Pero el Procónsul, siempre tan propenso a la espectacularidad, empezó a examinarse las bolsas de la guayabera y del pantalón. Yo lo tomé como parte de sus alucinaciones azules y me preparé para empezar a divisar en media calle una de esas manadas de fideles castros azules que, con frecuencia, imaginaba su feroz anticomunismo, y que llenaban con paciencia sus sueños y sus pesadillas ebrias. Pero no era eso. No, no era eso, sino que lo habían bolseado.

En el multitudinario entierro, en el que había abrazado, manoseado, besado y toqueteado a todos los deudos, alguien, “un honrado hijueputa”, en las propias palabras del Procónsul, lo había bolseado, metido la mano en la bolsa y despojado de su billetera.

—¡Estos hijueputas! ¡Qué porquería! –dijo arrastrando las erres por el más innominable fango paleodental, en el clásico acento costarrisible de arrastrar las erres.

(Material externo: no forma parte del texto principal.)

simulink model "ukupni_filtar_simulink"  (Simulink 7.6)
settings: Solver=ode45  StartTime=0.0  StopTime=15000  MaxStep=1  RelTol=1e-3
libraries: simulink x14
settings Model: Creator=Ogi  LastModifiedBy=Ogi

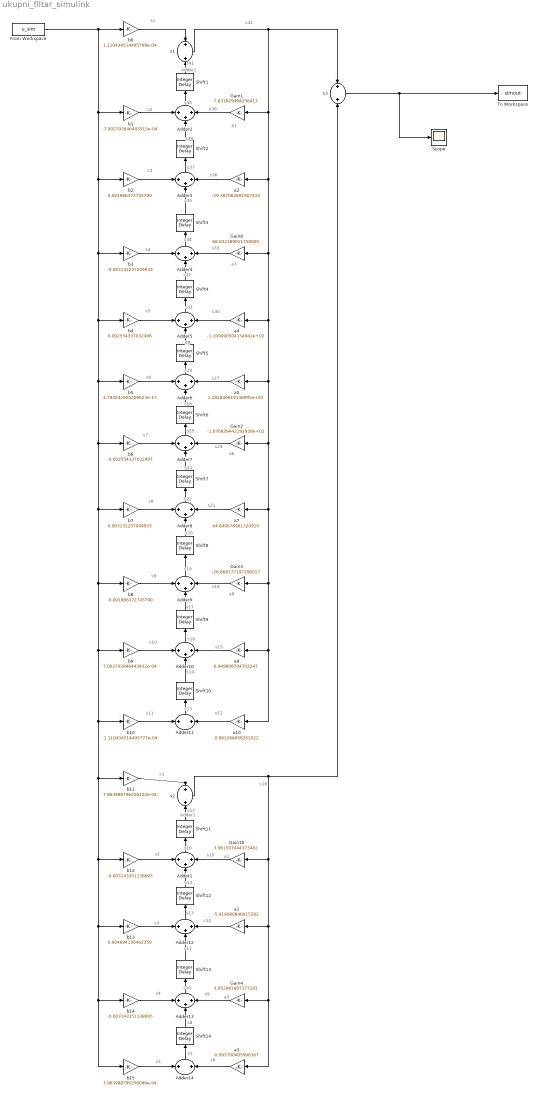
== system ukupni_filtar_simulink ==
  note: a1
  note: a3
  note: a6
  note: a8
  note: Adder1
  note: s1
  note: s2
  note: s3
  note: s4
  note: s5
  note: s6
  note: s7
  note: s8
  note: s9
  note: s10
  note: s11
  note: s12
  note: s13
  note: s14
  note: s15
  note: s16
  note: s17
  note: s18
  note: s19
  note: s20
  note: s21
  note: s22
  note: s23
  note: s24
  note: s26
  note: s27
  note: s28
  note: 29
  note: s30
  note: s31
  note: s32
  note: s33
  note: s34
  note: s35
  note: s36
  note: s37
  note: s38
  note: s39
  note: s40
  note: s41
  note: s42
  note: Adder1
  note: a1
  note: a3
  note: s1
  note: s2
  note: s3
  note: s4
  note: s5
  note: s6
  note: s7
  note: s8
  note: s10
  note: s11
  note: s13
  note: s14
  note: s16
  note: s17
  note: s18
  note: s9
  note: s12
  note: s15
  Adder1 : Sum  Inputs=+++  OutDataTypeStr=fixdt(1, x, y)  RndMeth=Nearest
  Adder{2..10} (9 alike) : Sum  Inputs=+++  OutDataTypeStr=fixdt(1, x , y)  RndMeth=Nearest
  Adder11 : Sum  OutDataTypeStr=fixdt(1, x , y)  RndMeth=Nearest
  Adder12 : Sum  Inputs=+++  OutDataTypeStr=fixdt(1, x, y)  RndMeth=Nearest
  Adder13 : Sum  Inputs=+++  OutDataTypeStr=fixdt(1, x, y)  RndMeth=Nearest
  Adder14 : Sum  OutDataTypeStr=fixdt(1, x, y)  RndMeth=Nearest
  From Workspace : FromWorkspace  VariableName=u_sim
  Gain1 : Gain  Gain=7.831829494256413  ParamDataTypeStr=fixdt(1, j , k)  OutDataTypeStr=fixdt(1, x , y)  RndMeth=Nearest
  Gain10 : Gain  Gain=3.961507444373482  ParamDataTypeStr=fixdt(1, j, k)  OutDataTypeStr=fixdt(1, x, y)  RndMeth=Nearest
  Gain2 : Gain  Gain=-1.076839442192928e+02  ParamDataTypeStr=fixdt(1, j , k)  OutDataTypeStr=fixdt(1, x , y)  RndMeth=Nearest
  Gain3 : Gain  Gain=-26.868177197296017  ParamDataTypeStr=fixdt(1, j , k)  OutDataTypeStr=fixdt(1, x , y)  RndMeth=Nearest
  Gain4 : Gain  Gain=3.952981807177191  ParamDataTypeStr=fixdt(1, j, k)  OutDataTypeStr=fixdt(1, x, y)  RndMeth=Nearest
  Gain8 : Gain  Gain=68.832389011750000  ParamDataTypeStr=fixdt(1, j , k)  OutDataTypeStr=fixdt(1, x , y)  RndMeth=Nearest
  Scope : Scope
  Shift{1..14} (14 alike) : simulink/Discrete/Integer Delay  NumDelays=1  vinit=0.0  samptime=-1
  To Workspace : ToWorkspace  VariableName=simout  SampleTime=-1  SaveFormat=Array
  a1 : Gain  Gain=-5.919080846015582  ParamDataTypeStr=fixdt(1, j, k)  OutDataTypeStr=fixdt(1, x, y)  RndMeth=Nearest
  a10 : Gain  Gain=-0.861266958252022  ParamDataTypeStr=fixdt(1, j , k)  OutDataTypeStr=fixdt(1, x , y)  RndMeth=Nearest
  a2 : Gain  Gain=-29.387062691907410  ParamDataTypeStr=fixdt(1, j , k)  OutDataTypeStr=fixdt(1, x , y)  RndMeth=Nearest
  a3 : Gain  Gain=-0.995700405996367  ParamDataTypeStr=fixdt(1, j, k)  OutDataTypeStr=fixdt(1, x, y)  RndMeth=Nearest
  a4 : Gain  Gain=-1.109490504154942e+02  ParamDataTypeStr=fixdt(1, j , k)  OutDataTypeStr=fixdt(1, x , y)  RndMeth=Nearest
  a5 : Gain  Gain=1.282840619136995e+02  ParamDataTypeStr=fixdt(1, j , k)  OutDataTypeStr=fixdt(1, x , y)  RndMeth=Nearest
  a7 : Gain  Gain=64.840676961320910  ParamDataTypeStr=fixdt(1, j , k)  OutDataTypeStr=fixdt(1, x , y)  RndMeth=Nearest
  a9 : Gain  Gain=6.949806704702247  ParamDataTypeStr=fixdt(1, j , k)  OutDataTypeStr=fixdt(1, x , y)  RndMeth=Nearest
  b0 : Gain  Gain=1.110434514495799e-04  ParamDataTypeStr=fixdt(1, j , k)  OutDataTypeStr=fixdt(1,x,y)  RndMeth=Nearest
  b1 : Gain  Gain=-7.002792846443515e-04  ParamDataTypeStr=fixdt(1, j , k)  OutDataTypeStr=fixdt(1, x , y)  RndMeth=Nearest
  b10 : Gain  Gain=-1.110434514495777e-04  ParamDataTypeStr=fixdt(1, j , k)  OutDataTypeStr=fixdt(1, x , y)  RndMeth=Nearest
  b11 : Gain  Gain=7.963988796256102e-04  ParamDataTypeStr=fixdt(1, j, k)  OutDataTypeStr=fixdt(1, x, y)  RndMeth=Nearest
  b12 : Gain  Gain=-0.003143351138695  ParamDataTypeStr=fixdt(1, j, k)  OutDataTypeStr=fixdt(1, x, y)  RndMeth=Nearest
  b13 : Gain  Gain=0.004694136462350  ParamDataTypeStr=fixdt(1, j, k)  OutDataTypeStr=fixdt(1, x, y)  RndMeth=Nearest
  b14 : Gain  Gain=-0.003143351138695  ParamDataTypeStr=fixdt(1, j, k)  OutDataTypeStr=fixdt(1, x, y)  RndMeth=Nearest
  b15 : Gain  Gain=7.963988796256098e-04  ParamDataTypeStr=fixdt(1, j, k)  OutDataTypeStr=fixdt(1, x, y)  RndMeth=Nearest
  b2 : Gain  Gain=0.001986372745790  ParamDataTypeStr=fixdt(1, j , k)  OutDataTypeStr=fixdt(1, x , y)  RndMeth=Nearest
  b3 : Gain  Gain=-0.003132237049933  ParamDataTypeStr=fixdt(1, j , k)  OutDataTypeStr=fixdt(1, x , y)  RndMeth=Nearest
  b4 : Gain  Gain=0.002554337032496  ParamDataTypeStr=fixdt(1, j , k)  OutDataTypeStr=fixdt(1, x , y)  RndMeth=Nearest
  b5 : Gain  Gain=4.793242905209623e-17  ParamDataTypeStr=fixdt(1, j , k)  OutDataTypeStr=fixdt(1, x , y)  RndMeth=Nearest
  b6 : Gain  Gain=-0.002554337032497  ParamDataTypeStr=fixdt(1, j , k)  OutDataTypeStr=fixdt(1, x , y)  RndMeth=Nearest
  b7 : Gain  Gain=0.003132237049933  ParamDataTypeStr=fixdt(1, j , k)  OutDataTypeStr=fixdt(1, x , y)  RndMeth=Nearest
  b8 : Gain  Gain=-0.001986372745790  ParamDataTypeStr=fixdt(1, j , k)  OutDataTypeStr=fixdt(1, x , y)  RndMeth=Nearest
  b9 : Gain  Gain=7.002792846443432e-04  ParamDataTypeStr=fixdt(1, j , k)  OutDataTypeStr=fixdt(1, x , y)  RndMeth=Nearest
  s1 : Sum  OutDataTypeStr=fixdt(1, x , y)  RndMeth=Nearest
  s2 : Sum  OutDataTypeStr=fixdt(1, x, y)  RndMeth=Nearest
  s3 : Sum  OutDataTypeStr=fixdt(1, 24, 23)  RndMeth=Nearest
  wires:
  Adder3/1 -> Shift2/1
  b1/1 -> Adder2/1
  Shift2/1 -> Adder2/2
  Gain1/1 -> Adder2/3
  Adder2/1 -> Shift1/1
  Shift1/1 -> s1/2
  s1/1 -> Gain1/1, a2/1, Gain8/1, a4/1, Gain2/1, a7/1, Gain3/1, a9/1, a10/1, a5/1, s3/1
  Adder5/1 -> Shift4/1
  b3/1 -> Adder4/1
  Shift4/1 -> Adder4/2
  Gain8/1 -> Adder4/3
  Adder4/1 -> Shift3/1
  a4/1 -> Adder5/3
  Shift3/1 -> Adder3/2
  a2/1 -> Adder3/3
  b2/1 -> Adder3/1
  b4/1 -> Adder5/1
  b0/1 -> s1/1
  From Workspace/1 -> b3/1, b4/1, b7/1, b8/1, b9/1, b10/1, b13/1, b15/1, b14/1, b12/1, b11/1, b6/1, b5/1, b2/1, b1/1, b0/1
  Adder8/1 -> Shift7/1
  b6/1 -> Adder7/1
  Shift7/1 -> Adder7/2
  Gain2/1 -> Adder7/3
  Adder7/1 -> Shift6/1  "s25"
  Shift6/1 -> Adder6/2
  Adder10/1 -> Shift9/1
  b8/1 -> Adder9/1
  Shift9/1 -> Adder9/2
  Gain3/1 -> Adder9/3
  Adder9/1 -> Shift8/1
  a9/1 -> Adder10/3
  Shift8/1 -> Adder8/2
  a7/1 -> Adder8/3
  b7/1 -> Adder8/1
  b9/1 -> Adder10/1
  Adder11/1 -> Shift10/1
  Shift10/1 -> Adder10/2
  a10/1 -> Adder11/2
  b10/1 -> Adder11/1
  b5/1 -> Adder6/1
  a5/1 -> Adder6/3
  Adder6/1 -> Shift5/1
  Shift5/1 -> Adder5/2
  Adder12/1 -> Shift12/1
  b12/1 -> Adder1/1
  Shift12/1 -> Adder1/2
  Gain10/1 -> Adder1/3
  Adder1/1 -> Shift11/1
  Shift11/1 -> s2/2
  s2/1 -> Gain10/1, a1/1, Gain4/1, a3/1, s3/2
  Adder14/1 -> Shift14/1
  b14/1 -> Adder13/1
  Shift14/1 -> Adder13/2
  Gain4/1 -> Adder13/3
  Adder13/1 -> Shift13/1
  a3/1 -> Adder14/2
  Shift13/1 -> Adder12/2
  a1/1 -> Adder12/3
  b13/1 -> Adder12/1
  b15/1 -> Adder14/1
  b11/1 -> s2/1
  s3/1 -> To Workspace/1, Scope/1

—A la puta, es que no puede ser. Me cago en Buda y en toda su descendencia. Me cago en todos los querubines, ángeles y arcángeles celestiales. Me cago en Cristo y en el Anticristo. La puta que te parió. Esos malnacidos. Mirá, no. No, no puede ser. Son unos pillos de siete generaciones –exhaló sin aliento.

—¿Por qué a mí si yo soy honrado, Dios mío? –gimoteó lastimeramente–. ¿Por qué me has abandonado? –suspiró haciendo el pormenorizado repaso de sus tarjetas de crédito, fotos de secretarias conquistadas o por conquistar, teléfonos y citas amorosas en el futuro inminente. Pero en ese instante cambió su expresión y empezó a reír.

—Vale que estaba vacía, maes. Ni una peseta.

Y deslizó su dedo gordo entre el índice y el dedo medio en su gesto más característico, vociferando:

—¡Mirala! ¡Mirala! –y soltó a reír su barriga apocalíptica.